Generalized Envelope Theorems: Applications to Dynamic Programming
22 Feb 2018-Journal of Optimization Theory and Applications (Springer US)-Vol. 176, Iss: 3, pp 650-687
TL;DR: It is shown that the class of Lipschitz functions provides a suitable framework for the generalization of classical envelope theorems for a broad class of constrained programs relevant to economic models, in which nonconvexities play a key role, and where the primitives may not be continuously differentiable.
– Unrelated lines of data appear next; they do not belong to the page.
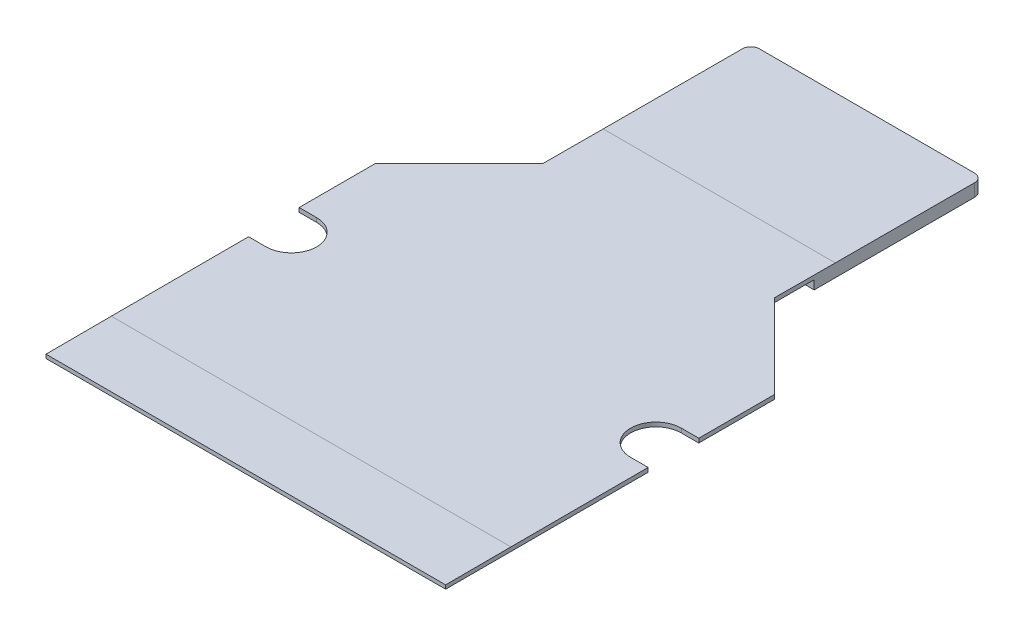
ISO-10303-21;
HEADER;
FILE_DESCRIPTION(('STEP AP214'),'2;1');
FILE_NAME('part.step','',(''),(''),'','','');
FILE_SCHEMA(('AUTOMOTIVE_DESIGN { 1 0 10303 214 1 1 1 1 }'));
ENDSEC;
DATA;
#1=APPLICATION_CONTEXT('core data for automotive mechanical design processes');
#2=APPLICATION_PROTOCOL_DEFINITION('international standard','automotive_design',2000,#1);
#3=PRODUCT_CONTEXT('',#1,'mechanical');
#4=PRODUCT('Part','Part','',(#3));
#5=PRODUCT_RELATED_PRODUCT_CATEGORY('part','',(#4));
#6=PRODUCT_DEFINITION_FORMATION('','',#4);
#7=PRODUCT_DEFINITION_CONTEXT('part definition',#1,'design');
#8=PRODUCT_DEFINITION('design','',#6,#7);
#9=PRODUCT_DEFINITION_SHAPE('','',#8);
#10=(LENGTH_UNIT() NAMED_UNIT(*) SI_UNIT(.MILLI.,.METRE.));
#11=(NAMED_UNIT(*) PLANE_ANGLE_UNIT() SI_UNIT($,.RADIAN.));
#12=(NAMED_UNIT(*) SI_UNIT($,.STERADIAN.) SOLID_ANGLE_UNIT());
#13=UNCERTAINTY_MEASURE_WITH_UNIT(LENGTH_MEASURE(1.E-05),#10,'distance_accuracy_value','');
#14=(GEOMETRIC_REPRESENTATION_CONTEXT(3) GLOBAL_UNCERTAINTY_ASSIGNED_CONTEXT((#13)) GLOBAL_UNIT_ASSIGNED_CONTEXT((#10,
#11,#12)) REPRESENTATION_CONTEXT('',''));
#15=CARTESIAN_POINT('',(0.,0.,0.));
#16=DIRECTION('',(0.,0.,1.));
#17=DIRECTION('',(1.,0.,0.));
#18=AXIS2_PLACEMENT_3D('',#15,#16,#17);
#19=CARTESIAN_POINT('',(-3.3,0.09,-5.47));
#20=DIRECTION('',(0.,-1.,0.));
#21=DIRECTION('',(0.,0.,-1.));
#22=AXIS2_PLACEMENT_3D('',#19,#20,#21);
#23=PLANE('',#22);
#24=DIRECTION('',(-1.,0.,0.));
#25=VECTOR('',#24,1.);
#26=CARTESIAN_POINT('',(3.06,0.09,-9.32));
#27=LINE('',#26,#25);
#28=CARTESIAN_POINT('',(-2.55,0.0900000000000086,-9.32));
#29=VERTEX_POINT('',#28);
#30=CARTESIAN_POINT('',(2.55,0.0900000000000172,-9.32));
#31=VERTEX_POINT('',#30);
#32=EDGE_CURVE('E183',#29,#31,#27,.F.);
#33=ORIENTED_EDGE('',*,*,#32,.F.);
#34=CARTESIAN_POINT('',(-2.55,0.0900000000000345,-9.12));
#35=DIRECTION('',(0.,-1.,0.));
#36=DIRECTION('',(-1.,0.,0.));
#37=AXIS2_PLACEMENT_3D('',#34,#35,#36);
#38=CIRCLE('',#37,0.2);
#39=CARTESIAN_POINT('',(-2.75,0.0900000000000138,-9.12));
#40=VERTEX_POINT('',#39);
#41=EDGE_CURVE('E179',#40,#29,#38,.T.);
#42=ORIENTED_EDGE('',*,*,#41,.F.);
#43=CARTESIAN_POINT('',(-2.75,0.1,-5.82));
#44=DIRECTION('',(0.,-0.00303028911716179,-0.999995408663393));
#45=VECTOR('',#44,1.);
#46=LINE('',#43,#45);
#47=CARTESIAN_POINT('',(-2.75,0.095,-5.82));
#48=VERTEX_POINT('',#47);
#49=EDGE_CURVE('E297',#48,#40,#46,.T.);
#50=ORIENTED_EDGE('',*,*,#49,.F.);
#51=CARTESIAN_POINT('',(2.75,0.1,-5.82));
#52=DIRECTION('',(-1.,0.,0.));
#53=VECTOR('',#52,1.);
#54=LINE('',#51,#53);
#55=CARTESIAN_POINT('',(2.75,0.095000000000016,-5.81999999999474));
#56=VERTEX_POINT('',#55);
#57=EDGE_CURVE('E266',#56,#48,#54,.T.);
#58=ORIENTED_EDGE('',*,*,#57,.F.);
#59=CARTESIAN_POINT('',(2.75,0.09,-9.12));
#60=DIRECTION('',(0.,0.00303028911716179,0.999995408663393));
#61=VECTOR('',#60,1.);
#62=LINE('',#59,#61);
#63=CARTESIAN_POINT('',(2.75,0.0900000000000069,-9.12));
#64=VERTEX_POINT('',#63);
#65=EDGE_CURVE('E272',#64,#56,#62,.T.);
#66=ORIENTED_EDGE('',*,*,#65,.F.);
#67=CARTESIAN_POINT('',(2.55,0.0900000000000345,-9.12));
#68=DIRECTION('',(0.,-1.,0.));
#69=DIRECTION('',(0.,0.,-1.));
#70=AXIS2_PLACEMENT_3D('',#67,#68,#69);
#71=CIRCLE('',#70,0.200000000000001);
#72=EDGE_CURVE('E286',#31,#64,#71,.T.);
#73=ORIENTED_EDGE('',*,*,#72,.F.);
#74=EDGE_LOOP('',(#33,#42,#50,#58,#66,#73));
#75=FACE_BOUND('',#74,.T.);
#76=ADVANCED_FACE('F17',(#75),#23,.F.);
#77=CARTESIAN_POINT('',(-2.75,-0.241,-9.5935));
#78=DIRECTION('',(-1.,0.,0.));
#79=DIRECTION('',(0.,0.,1.));
#80=AXIS2_PLACEMENT_3D('',#77,#78,#79);
#81=PLANE('',#80);
#82=DIRECTION('',(0.,1.,0.));
#83=VECTOR('',#82,1.);
#84=CARTESIAN_POINT('',(-2.75,-0.241,-4.385));
#85=LINE('',#84,#83);
#86=CARTESIAN_POINT('',(-2.75,0.,-4.385));
#87=VERTEX_POINT('',#86);
#88=CARTESIAN_POINT('',(-2.75,0.1,-4.385));
#89=VERTEX_POINT('',#88);
#90=EDGE_CURVE('E553',#87,#89,#85,.T.);
#91=ORIENTED_EDGE('',*,*,#90,.T.);
#92=DIRECTION('',(0.,0.,1.));
#93=VECTOR('',#92,1.);
#94=CARTESIAN_POINT('',(-2.75,0.1,-6.7872));
#95=LINE('',#94,#93);
#96=EDGE_CURVE('E263',#48,#89,#95,.T.);
#97=ORIENTED_EDGE('',*,*,#96,.F.);
#98=ORIENTED_EDGE('',*,*,#49,.T.);
#99=DIRECTION('',(0.,-1.,0.));
#100=VECTOR('',#99,1.);
#101=CARTESIAN_POINT('',(-2.75,-999.9,-9.12));
#102=LINE('',#101,#100);
#103=CARTESIAN_POINT('',(-2.75,-0.210000000000033,-9.12));
#104=VERTEX_POINT('',#103);
#105=EDGE_CURVE('E184',#104,#40,#102,.F.);
#106=ORIENTED_EDGE('',*,*,#105,.F.);
#107=DIRECTION('',(0.,0.,-1.));
#108=VECTOR('',#107,1.);
#109=CARTESIAN_POINT('',(-2.75,-0.21,-4.92));
#110=LINE('',#109,#108);
#111=CARTESIAN_POINT('',(-2.75,-0.21,-5.32));
#112=VERTEX_POINT('',#111);
#113=EDGE_CURVE('E165',#112,#104,#110,.T.);
#114=ORIENTED_EDGE('',*,*,#113,.F.);
#115=DIRECTION('',(0.,1.,0.));
#116=VECTOR('',#115,1.);
#117=CARTESIAN_POINT('',(-2.75,-0.241,-5.32));
#118=LINE('',#117,#116);
#119=CARTESIAN_POINT('',(-2.75,0.,-5.32));
#120=VERTEX_POINT('',#119);
#121=EDGE_CURVE('E294',#112,#120,#118,.T.);
#122=ORIENTED_EDGE('',*,*,#121,.T.);
#123=DIRECTION('',(0.,0.,1.));
#124=VECTOR('',#123,1.);
#125=CARTESIAN_POINT('',(-2.75,0.,-9.5935));
#126=LINE('',#125,#124);
#127=EDGE_CURVE('E296',#120,#87,#126,.T.);
#128=ORIENTED_EDGE('',*,*,#127,.T.);
#129=EDGE_LOOP('',(#91,#97,#98,#106,#114,#122,#128));
#130=FACE_BOUND('',#129,.T.);
#131=ADVANCED_FACE('F547',(#130),#81,.T.);
#132=CARTESIAN_POINT('',(-2.55,-999.9,-9.12));
#133=DIRECTION('',(0.,-1.,0.));
#134=DIRECTION('',(0.,0.,-1.));
#135=AXIS2_PLACEMENT_3D('',#132,#133,#134);
#136=CYLINDRICAL_SURFACE('',#135,0.2);
#137=CARTESIAN_POINT('',(-2.55,-0.210000000000043,-9.12));
#138=DIRECTION('',(0.,-1.,0.));
#139=DIRECTION('',(0.,0.,-1.));
#140=AXIS2_PLACEMENT_3D('',#137,#138,#139);
#141=CIRCLE('',#140,0.2);
#142=CARTESIAN_POINT('',(-2.55,-0.210000000000022,-9.32));
#143=VERTEX_POINT('',#142);
#144=EDGE_CURVE('E21',#104,#143,#141,.T.);
#145=ORIENTED_EDGE('',*,*,#144,.F.);
#146=ORIENTED_EDGE('',*,*,#105,.T.);
#147=ORIENTED_EDGE('',*,*,#41,.T.);
#148=DIRECTION('',(0.,1.,0.));
#149=VECTOR('',#148,1.);
#150=CARTESIAN_POINT('',(-2.55,-0.24,-9.32));
#151=LINE('',#150,#149);
#152=EDGE_CURVE('E176',#143,#29,#151,.T.);
#153=ORIENTED_EDGE('',*,*,#152,.F.);
#154=EDGE_LOOP('',(#145,#146,#147,#153));
#155=FACE_BOUND('',#154,.T.);
#156=ADVANCED_FACE('F177',(#155),#136,.T.);
#157=CARTESIAN_POINT('',(3.06,-0.24,-9.32));
#158=DIRECTION('',(0.,0.,-1.));
#159=DIRECTION('',(-1.,0.,0.));
#160=AXIS2_PLACEMENT_3D('',#157,#158,#159);
#161=PLANE('',#160);
#162=DIRECTION('',(0.,-1.,0.));
#163=VECTOR('',#162,1.);
#164=CARTESIAN_POINT('',(2.55,-999.9,-9.32));
#165=LINE('',#164,#163);
#166=CARTESIAN_POINT('',(2.55,-0.210000000000033,-9.32));
#167=VERTEX_POINT('',#166);
#168=EDGE_CURVE('E188',#167,#31,#165,.F.);
#169=ORIENTED_EDGE('',*,*,#168,.F.);
#170=DIRECTION('',(1.,0.,0.));
#171=VECTOR('',#170,1.);
#172=CARTESIAN_POINT('',(-3.3,-0.21,-9.32));
#173=LINE('',#172,#171);
#174=EDGE_CURVE('E171',#143,#167,#173,.T.);
#175=ORIENTED_EDGE('',*,*,#174,.F.);
#176=ORIENTED_EDGE('',*,*,#152,.T.);
#177=ORIENTED_EDGE('',*,*,#32,.T.);
#178=EDGE_LOOP('',(#169,#175,#176,#177));
#179=FACE_BOUND('',#178,.T.);
#180=ADVANCED_FACE('F186',(#179),#161,.T.);
#181=CARTESIAN_POINT('',(2.55,-999.9,-9.12));
#182=DIRECTION('',(0.,-1.,0.));
#183=DIRECTION('',(0.,0.,-1.));
#184=AXIS2_PLACEMENT_3D('',#181,#182,#183);
#185=CYLINDRICAL_SURFACE('',#184,0.2);
#186=CARTESIAN_POINT('',(2.55,-0.210000000000043,-9.12));
#187=DIRECTION('',(0.,-1.,0.));
#188=DIRECTION('',(0.,0.,-1.));
#189=AXIS2_PLACEMENT_3D('',#186,#187,#188);
#190=CIRCLE('',#189,0.2);
#191=CARTESIAN_POINT('',(2.75,-0.210000000000022,-9.12));
#192=VERTEX_POINT('',#191);
#193=EDGE_CURVE('E190',#167,#192,#190,.T.);
#194=ORIENTED_EDGE('',*,*,#193,.F.);
#195=ORIENTED_EDGE('',*,*,#168,.T.);
#196=ORIENTED_EDGE('',*,*,#72,.T.);
#197=DIRECTION('',(0.,1.,0.));
#198=VECTOR('',#197,1.);
#199=CARTESIAN_POINT('',(2.75,-0.241,-9.12));
#200=LINE('',#199,#198);
#201=EDGE_CURVE('E269',#192,#64,#200,.T.);
#202=ORIENTED_EDGE('',*,*,#201,.F.);
#203=EDGE_LOOP('',(#194,#195,#196,#202));
#204=FACE_BOUND('',#203,.T.);
#205=ADVANCED_FACE('F586',(#204),#185,.T.);
#206=CARTESIAN_POINT('',(2.75,-0.241,-3.9115));
#207=DIRECTION('',(1.,0.,0.));
#208=DIRECTION('',(0.,0.,-1.));
#209=AXIS2_PLACEMENT_3D('',#206,#207,#208);
#210=PLANE('',#209);
#211=ORIENTED_EDGE('',*,*,#201,.T.);
#212=ORIENTED_EDGE('',*,*,#65,.T.);
#213=DIRECTION('',(0.,0.,1.));
#214=VECTOR('',#213,1.);
#215=CARTESIAN_POINT('',(2.75,0.1,-6.7872));
#216=LINE('',#215,#214);
#217=CARTESIAN_POINT('',(2.75,0.1,-4.385));
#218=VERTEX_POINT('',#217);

Abstract: We show in this paper that the class of Lipschitz functions provides a suitable framework for the generalization of classical envelope theorems for a broad class of constrained programs relevant to economic models, in which nonconvexities play a key role, and where the primitives may not be continuously differentiable. We give sufficient conditions for the value function of a Lipschitz program to inherit the Lipschitz property and obtain bounds for its upper and lower directional Dini derivatives. With strengthened assumptions we derive sufficient conditions for the directional differentiability, Clarke regularity, and differentiability of the value function, thus obtaining a collection of generalized envelope theorems encompassing many existing results in the literature. Some of our findings are then applied to decision models with discrete choices, to dynamic programming with and without concavity, to the problem of existence and characterization of Markov equilibrium in dynamic economies with nonconvexities, and to show the existence of monotone controls in constrained lattice programming problems.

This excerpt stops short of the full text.